J’adore qu’un plan se déroule sans accroc !
(Date de sortie cinéma : 6 avril 2011 – Titre original : The Mechanic)
Tourner dans le remake d’un film de Charles Bronson, c’est bien la dernière corde qu’il manquait à l’arc de Jason Statham, alias Le Transporteur. Film culte du célèbre moustachu tueur de bronzés, et avec Simon West aux commandes, tout est possible, le meilleur (Les ailes de l’enfer), comme le pire (Tomb Raider). Attention chérie ça va trancher !
Tueur professionnel, Arthur (Jason Statham) travaille pour une mystérieuse agence dirigée par Dean (Tony Goldwyn). Mais il n’est pas un simple tueur, son but étant de maquiller les meurtres en accident afin de faire passer la chose pour un simple fait divers. Obligé de tuer son meilleur ami, Harry (Donald Sutherland), qui est devenu corrompu, il décidera ensuite de former Steve (Ben Foster), le fils de ce dernier, pour en faire à son tour un tueur parfait, et lui donner les moyens de faire sa petite vendetta.

Pendant la première moitié du film, on se demande pourquoi le film s’appelle « Le Flingueur ». Certes le titre original est « The Mechanic », grosso-modo « Le Mécano », qui n’est certes pas très accrocheur, mais malgré tout on peste de voir le tout être si mollasson. On a certes le fiston qui démonte la tronche à un noir (preuve qu’on est bien dans le remake d’un film de Bronson), mais rien de bien folichon. Puis, après quelques cut-scenes façon Karaté Kid où ils s’entraineront ardemment à marcher dans des merdes de chien ou encore tirer dans des sièges de Pinto et autres parpaings, notre bonhomme sera prêt pour accomplir son premier contrat, et se révèlera être un assassin hors pair, réussissant même à dégommer un tueur qui lui l’est depuis des années, et faisant dans les 120kg pour 1m90. Bonjour la crédibilité, surtout quand on voit le gabarit du jeune homme, qui doit tout juste peser 45kg.
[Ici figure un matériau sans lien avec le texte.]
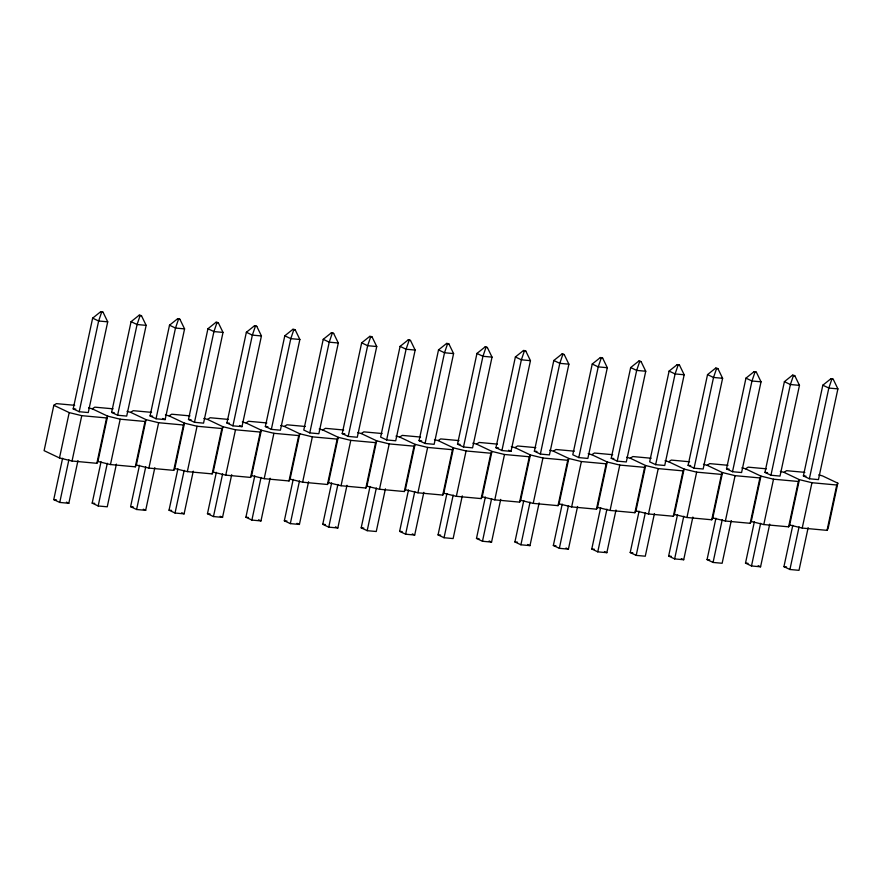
<?xml version="1.0" encoding="UTF-8"?>
<svg xmlns="http://www.w3.org/2000/svg" width="882" height="882" viewBox="0 0 882 882"><rect width="100%" height="100%" fill="white"/><g stroke="black" fill="none" stroke-linecap="round" stroke-linejoin="round"><path stroke-width="1.32" d="M74.683 405.301L56.393 403.625L53.824 405.301L44.1 450.658L59.48 457.956L72.037 461.021L96.855 463.304L97.913 461.484L107.637 416.128L92.257 408.829L88.575 407.848M59.48 457.956L69.204 412.6L53.824 405.301M77.969 460.58L68.818 503.28L59.744 502.442L53.747 499.598L62.611 458.232M73.195 408.873L92.643 318.148L100.746 311.666L102.136 311.798L103.062 312.239L107.714 321.831L88.266 412.555L79.193 411.718L73.195 408.873L75.786 409.116M59.744 502.442L68.895 459.743M79.193 411.718L98.641 320.993L101.662 312.107L103.062 312.239M72.037 461.021L81.761 415.665L106.579 417.947L107.637 416.128L120.195 419.193L145.012 421.475L146.07 419.656L158.628 422.721L183.445 425.003L184.503 423.184L197.061 426.249L221.867 428.531L222.925 426.712L235.494 429.777L260.3 432.059L261.359 430.24L273.916 433.305L298.733 435.587L299.792 433.779L312.349 436.844L337.167 439.115L338.225 437.307L350.782 440.372L375.6 442.643L376.658 440.835L389.216 443.9L414.022 446.171L415.08 444.363L427.638 447.428L452.455 449.71L453.513 447.891L466.071 450.956L490.888 453.238L491.947 451.419L504.504 454.484L529.321 456.766L530.38 454.947L542.937 458.012L567.743 460.294L568.802 458.475L581.37 461.54L606.177 463.822L607.235 462.003L619.792 465.068L644.61 467.35L645.668 465.542L658.226 468.607L683.043 470.878L684.101 469.07L696.659 472.135L721.476 474.406L722.534 472.598L735.092 475.663L759.898 477.934L760.957 476.126L773.514 479.191L798.331 481.473L799.39 479.654L811.947 482.719L836.764 485.001L837.823 483.182L822.443 475.883L818.761 474.902M96.855 463.304L106.579 417.947M116.402 464.108L107.251 506.808L98.167 505.97L92.18 503.126L101.044 461.771M111.628 412.401L131.076 321.676L139.18 315.194L140.569 315.326L141.495 315.767L146.147 325.359L126.699 416.084L117.615 415.246L111.628 412.401L114.219 412.644M98.167 505.97L107.317 463.282M117.615 415.246L137.074 324.521L140.095 315.635L141.495 315.767M97.913 461.484L110.471 464.549L120.195 419.193M110.471 464.549L135.288 466.832L145.012 421.475M135.288 466.832L136.346 465.023L146.07 419.656L130.69 412.357L127.008 411.376M154.835 467.636L145.673 510.336L136.6 509.498L130.602 506.654L139.477 465.299M150.061 415.929L169.509 325.204L177.613 318.733L179.002 318.854L179.917 319.295L184.581 328.887L165.132 419.612L156.048 418.774L150.061 415.929L152.652 416.172M136.6 509.498L145.75 466.81M156.048 418.774L175.496 328.049L178.528 319.163L179.917 319.295M136.346 465.023L148.904 468.088L158.628 422.721M148.904 468.088L173.721 470.36L183.445 425.003M173.721 470.36L174.779 468.551L184.503 423.184L169.112 415.885L165.43 414.915M193.257 471.164L184.106 513.864L175.033 513.026L169.035 510.182L177.91 468.827M188.483 419.457L207.943 328.732L216.035 322.261L217.435 322.382L218.35 322.823L223.014 332.415L203.555 423.139L194.481 422.302L188.483 419.457L191.085 419.7M175.033 513.026L184.184 470.338M194.481 422.302L213.929 331.577L216.961 322.691L218.35 322.823M174.779 468.551L187.337 471.616L197.061 426.249M187.337 471.616L212.143 473.888L221.867 428.531M212.143 473.888L213.201 472.079L222.925 426.712L207.546 419.413L203.863 418.443M231.69 474.703L222.54 517.392L213.466 516.554L207.468 513.71L216.333 472.355M226.917 422.985L246.365 332.271L254.468 325.789L255.868 325.91L256.783 326.351L261.436 335.943L241.988 426.668L232.914 425.83L226.917 422.985L229.507 423.228M213.466 516.554L222.617 473.866M232.914 425.83L252.362 335.116L255.394 326.219L256.783 326.351M213.201 472.079L225.759 475.144L235.494 429.777M225.759 475.144L250.576 477.416L260.3 432.059M250.576 477.416L251.635 475.607L261.359 430.24L245.979 422.941L242.296 421.971M270.124 478.231L260.973 520.92L251.888 520.082L245.902 517.238L254.766 475.883M265.35 426.524L284.798 335.799L292.901 329.317L294.29 329.449L295.216 329.879L299.869 339.471L280.421 430.195L271.347 429.369L265.35 426.524L267.941 426.756M251.888 520.082L261.05 477.394M271.347 429.369L290.795 338.644L293.816 329.747L295.216 329.879M251.635 475.607L264.192 478.672L273.916 433.305M264.192 478.672L289.009 480.955L298.733 435.587M289.009 480.955L290.068 479.135L299.792 433.779L284.412 426.469L280.73 425.499M308.557 481.759L299.406 524.448L290.321 523.621L284.335 520.777L293.199 479.411M323.231 339.327L303.783 430.052L309.769 432.897L318.854 433.724L338.302 342.999L333.639 333.407L332.723 332.977L331.334 332.845L323.231 339.327L329.218 342.172L338.302 342.999M290.321 523.621L299.472 480.922M309.769 432.897L329.218 342.172L332.249 333.286L333.639 333.407M290.068 479.135L302.625 482.2L312.349 436.844M302.625 482.2L327.442 484.483L337.167 439.115M327.442 484.483L328.501 482.663L338.225 437.307L322.845 429.997L319.163 429.027M346.99 485.287L337.828 527.976L328.754 527.149L322.757 524.305L331.632 482.939M342.216 433.58L361.664 342.855L369.767 336.373L371.157 336.505L372.072 336.935L376.735 346.527L357.287 437.252L348.203 436.425L342.216 433.58L344.807 433.812M328.754 527.149L337.905 484.45M348.203 436.425L367.651 345.7L370.683 336.814L372.072 336.935M328.501 482.663L341.058 485.728L350.782 440.372M341.058 485.728L365.865 488.011L375.6 442.643M365.865 488.011L366.923 486.191L376.658 440.835L361.267 433.536L357.585 432.555M385.412 488.815L376.261 531.504L367.188 530.677L361.19 527.833L370.054 486.467M400.086 346.383L380.638 437.108L386.636 439.953L395.709 440.78L415.157 350.066L410.505 340.463L409.59 340.033L408.19 339.901L400.086 346.383L406.084 349.228L415.157 350.066M367.188 530.677L376.338 487.978M386.636 439.953L406.084 349.228L409.116 340.342L410.505 340.463M366.923 486.191L379.492 489.256L389.216 443.9M379.492 489.256L404.298 491.539L414.022 446.171M404.298 491.539L405.356 489.719L415.08 444.363L399.7 437.064L396.018 436.083M423.845 492.343L414.694 535.043L405.621 534.205L399.623 531.361L408.487 489.995M419.071 440.636L438.519 349.911L446.623 343.429L448.012 343.561L448.938 344.002L453.591 353.594L434.142 444.319L425.069 443.481L419.071 440.636L421.662 440.879M405.621 534.205L414.772 491.506M425.069 443.481L444.517 352.756L447.549 343.87L448.938 344.002M405.356 489.719L417.914 492.784L427.638 447.428M417.914 492.784L442.731 495.067L452.455 449.71M442.731 495.067L443.789 493.247L453.513 447.891L438.133 440.592L434.451 439.611M462.278 495.871L453.127 538.571L444.043 537.733L438.056 534.889L446.92 493.534M457.504 444.164L476.953 353.439L485.056 346.957L486.445 347.089L487.371 347.53L492.024 357.122L472.576 447.847L463.491 447.009L457.504 444.164L460.095 444.407M444.043 537.733L453.194 495.045M463.491 447.009L482.95 356.284L485.971 347.398L487.371 347.53M443.789 493.247L456.347 496.312L466.071 450.956M456.347 496.312L481.164 498.595L490.888 453.238M481.164 498.595L482.222 496.787L491.947 451.419L476.567 444.12L472.884 443.139M500.711 499.399L491.561 542.099L482.476 541.261L476.489 538.417L485.354 497.062M495.938 447.692L515.386 356.967L523.489 350.496L524.878 350.617L525.793 351.058L530.457 360.65L511.009 451.375L501.924 450.537L495.938 447.692L498.528 447.935M482.476 541.261L491.627 498.573M501.924 450.537L521.372 359.812L524.404 350.926L525.793 351.058M482.222 496.787L494.78 499.851L504.504 454.484M494.78 499.851L519.597 502.123L529.321 456.766M519.597 502.123L520.656 500.315L530.38 454.947L514.989 447.648L511.306 446.667M539.134 502.927L529.983 545.627L520.909 544.789L514.912 541.945L523.787 500.59M534.36 451.22L553.819 360.495L561.922 354.024L563.311 354.145L564.226 354.586L568.89 364.178L549.431 454.903L540.357 454.065L534.36 451.22L536.962 451.463M520.909 544.789L530.06 502.101M540.357 454.065L559.805 363.34L562.837 354.454L564.226 354.586M520.656 500.315L533.213 503.379L542.937 458.012M533.213 503.379L558.019 505.651L567.743 460.294M558.019 505.651L559.078 503.843L568.802 458.475L553.422 451.176L549.74 450.206M577.567 506.466L568.416 549.155L559.342 548.317L553.345 545.473L562.209 504.118M592.241 364.034L572.793 454.748L578.79 457.593L587.864 458.431L607.312 367.706L602.66 358.114L601.745 357.673L600.344 357.552L592.241 364.034L598.239 366.879L607.312 367.706M559.342 548.317L568.493 505.629M578.79 457.593L598.239 366.879L601.27 357.982L602.66 358.114M559.078 503.843L571.646 506.907L581.37 461.54M571.646 506.907L596.452 509.179L606.177 463.822M596.452 509.179L597.511 507.37L607.235 462.003L591.855 454.704L588.173 453.734M616 509.994L606.849 552.683L597.764 551.845L591.778 549.001L600.642 507.646M611.226 458.287L630.674 367.562L638.777 361.08L640.167 361.212L641.093 361.642L645.745 371.234L626.297 461.959L617.224 461.132L611.226 458.287L613.817 458.519M597.764 551.845L606.926 509.157M617.224 461.132L636.672 370.407L639.693 361.51L641.093 361.642M597.511 507.37L610.068 510.435L619.792 465.068M610.068 510.435L634.886 512.718L644.61 467.35M634.886 512.718L635.944 510.899L645.668 465.542L630.288 458.232L626.606 457.262M654.433 513.522L645.282 556.211L636.198 555.384L630.211 552.54L639.075 511.174M669.107 371.09L649.659 461.815L655.646 464.66L664.73 465.487L684.178 374.762L679.515 365.17L678.6 364.74L677.211 364.608L669.107 371.09L675.094 373.935L684.178 374.762M636.198 555.384L645.348 512.685M655.646 464.66L675.094 373.935L678.126 365.049L679.515 365.17M635.944 510.899L648.502 513.963L658.226 468.607M648.502 513.963L673.319 516.246L683.043 470.878M673.319 516.246L674.377 514.427L684.101 469.07L668.721 461.76L665.039 460.79M692.866 517.05L683.704 559.739L674.631 558.912L668.633 556.068L677.508 514.702M688.092 465.343L707.54 374.618L715.644 368.136L717.033 368.268L717.948 368.698L722.612 378.29L703.163 469.015L694.079 468.188L688.092 465.343L690.683 465.575M674.631 558.912L683.782 516.213M694.079 468.188L713.527 377.463L716.559 368.577L717.948 368.698M674.377 514.427L686.935 517.491L696.659 472.135M686.935 517.491L711.752 519.774L721.476 474.406M711.752 519.774L712.799 517.955L722.534 472.598L707.144 465.299L703.461 464.318M731.288 520.578L722.138 563.267L713.064 562.44L707.066 559.596L715.93 518.23M726.514 468.871L745.963 378.146L754.066 371.664L755.466 371.796L756.381 372.226L761.034 381.829L741.586 472.543L732.512 471.716L726.514 468.871L729.116 469.103M713.064 562.44L722.215 519.741M732.512 471.716L751.96 380.991L754.992 372.105L756.381 372.226M712.799 517.955L725.368 521.019L735.092 475.663M725.368 521.019L750.174 523.302L759.898 477.934M750.174 523.302L751.232 521.483L760.957 476.126L745.577 468.827L741.894 467.846M769.721 524.106L760.571 566.806L751.497 565.968L745.499 563.124L754.364 521.758M764.948 472.399L784.396 381.674L792.499 375.192L793.888 375.324L794.814 375.765L799.467 385.357L780.019 476.082L770.945 475.244L764.948 472.399L767.538 472.642M751.497 565.968L760.648 523.269M770.945 475.244L790.393 384.519L793.425 375.633L794.814 375.765M751.232 521.483L763.79 524.547L773.514 479.191M763.79 524.547L788.607 526.83L798.331 481.473M788.607 526.83L789.666 525.01L799.39 479.654L784.01 472.355L780.327 471.374M808.155 527.634L799.004 570.334L789.919 569.496L783.933 566.652L792.797 525.297M803.381 475.927L822.829 385.202L830.932 378.72L832.321 378.852L833.247 379.293L837.9 388.885L818.452 479.61L809.367 478.772L803.381 475.927L805.972 476.17M789.919 569.496L799.081 526.808M809.367 478.772L828.826 388.047L831.847 379.161L833.247 379.293M789.666 525.01L802.223 528.075L811.947 482.719M802.223 528.075L827.04 530.358L836.764 485.001M837.823 483.182L828.099 528.55L827.04 530.358M92.257 408.829L94.826 407.153L113.105 408.829M130.69 412.357L133.259 410.681L151.539 412.357M169.112 415.885L171.692 414.209L189.972 415.885M207.546 419.413L210.114 417.737L228.405 419.413M245.979 422.941L248.548 421.265L266.838 422.952M284.412 426.469L286.981 424.793L305.26 426.48M322.845 429.997L325.414 428.321L343.693 430.008M361.267 433.536L363.836 431.86L382.127 433.536M399.7 437.064L402.269 435.388L420.56 437.064M438.133 440.592L440.702 438.916L458.982 440.592M476.567 444.12L479.135 442.444L497.415 444.12M514.989 447.648L517.569 445.972L535.848 447.648M553.422 451.176L555.991 449.5L574.281 451.176M591.855 454.704L594.424 453.028L612.714 454.704M630.288 458.232L632.857 456.556L651.137 458.243M668.721 461.76L671.29 460.084L689.57 461.771M707.144 465.299L709.723 463.623L728.003 465.299M745.577 468.827L748.145 467.151L766.436 468.827M784.01 472.355L786.579 470.679L804.858 472.355M107.714 321.831L98.641 320.993L92.643 318.148M146.147 325.359L137.074 324.521L131.076 321.676M184.581 328.887L175.496 328.049L169.509 325.204M223.014 332.415L213.929 331.577L207.943 328.732M261.436 335.943L252.362 335.116L246.365 332.271M299.869 339.471L290.795 338.644L284.798 335.799M376.735 346.527L367.651 345.7L361.664 342.855M453.591 353.594L444.517 352.756L438.519 349.911M492.024 357.122L482.95 356.284L476.953 353.439M530.457 360.65L521.372 359.812L515.386 356.967M568.89 364.178L559.805 363.34L553.819 360.495M645.745 371.234L636.672 370.407L630.674 367.562M722.612 378.29L713.527 377.463L707.54 374.618M761.034 381.829L751.96 380.991L745.963 378.146M799.467 385.357L790.393 384.519L784.396 381.674M837.9 388.885L828.826 388.047L822.829 385.202M53.747 499.598L56.338 499.84M92.18 503.126L94.771 503.368M130.602 506.654L133.204 506.896M169.035 510.182L171.637 510.424M207.468 513.71L210.059 513.952M245.902 517.238L248.492 517.48M284.335 520.777L286.926 521.008M322.757 524.305L325.359 524.536M361.19 527.833L363.781 528.064M399.623 531.361L402.214 531.603M438.056 534.889L440.647 535.131M476.489 538.417L479.08 538.659M514.912 541.945L517.514 542.187M553.345 545.473L555.936 545.715M591.778 549.001L594.369 549.243M630.211 552.54L632.802 552.771M668.633 556.068L671.235 556.299M707.066 559.596L709.657 559.827M745.499 563.124L748.09 563.355M783.933 566.652L786.524 566.894M69.204 412.6L81.761 415.665M830.932 378.72L831.847 379.161M792.499 375.192L793.425 375.633M754.066 371.664L754.992 372.105M715.644 368.136L716.559 368.577M677.211 364.608L678.126 365.049M638.777 361.08L639.693 361.51M600.344 357.552L601.27 357.982M561.922 354.024L562.837 354.454M523.489 350.496L524.404 350.926M485.056 346.957L485.971 347.398M446.623 343.429L447.549 343.87M408.19 339.901L409.116 340.342M369.767 336.373L370.683 336.814M331.334 332.845L332.249 333.286M292.901 329.317L293.816 329.747M254.468 325.789L255.394 326.219M758.178 565.66L760.571 566.806M508.605 450.239L511.009 451.375M216.035 322.261L216.961 322.691M177.613 318.733L178.528 319.163M681.312 558.604L683.704 559.739M139.18 315.194L140.095 315.635M100.746 311.666L101.662 312.107M604.446 551.548L606.849 552.683M566.024 548.02L568.416 549.155M527.59 544.492L529.983 545.627M489.157 540.964L491.561 542.099M239.595 425.532L241.988 426.668M412.302 533.897L414.694 535.043M162.729 418.476L165.132 419.612M335.436 526.841L337.828 527.976M297.002 523.313L299.406 524.448M258.569 519.785L260.973 520.92M220.147 516.257L222.54 517.392M181.714 512.729L184.106 513.864M143.281 509.201L145.673 510.336M66.415 502.134L68.818 503.28"/></g></svg>

Mais soit, passons ce détail et concentrons-nous sur la deuxième partie du film, car si la première était limite chiante, celle-ci s’envole d’un coup et c’est parti, on est dans un film de Jason Statham, pains, coups de tatanes, gunfights, explosions dans tous les sens, on en a enfin pour notre argent. Ici on ne fait pas dans la finesse et le film se montrera conforme à ce que l’on ressentait dés les premières minutes, à savoir prévisible au possible, même si l’on passera une bonne partie de notre temps à nous demander si Steve va oui ou non venger la mort de son père.
Le final quant à lui se montrera assez inattendu, et risque de surprendre ceux qui pensaient avoir tout compris.

Bref, Le Flingueur est un film en demi-teinte, qui même s’il réussit à fournir de la matière jubilatoire en seconde partie, nous offre une première moitié paraissant longue, ce qui est un comble pour un film dont le générique de fin apparaît au bout d’1h20. Pas un ratage, mais pas non plus une réussite, on lui préférera largement Le Transporteur (le premier tout du moins), qui bien que neu-neu, était bien mieux rythmé. On notera néanmoins un scène d’assassinat relativement bien foutue, dans laquelle nos héros se retrouvent coincés dans la paroi d’un mur, et fournissant une sacrée montée d’adrénaline — LE gros moment du film.
Pour conclure, ceux qui s’attendaient à un film bourrin comme la majorité du catalogue de Statham risquent d’être un peu déçus, mais finiront par être satisfaits s’ils réussissent à aller au delà de la première partie. Les autres ne verront là qu’un simple film d’action un peu con-con dont les rouages sont aussi usés qu’une prostituée de Dublin.
Mention spéciale pour Ben Foster, qui malgré son gabarit de crevette réussit à se montrer crédible et nerveux dans son rôle de badass, et bien loin de son personnage de faible geek qu’il tenait dans The Punisher.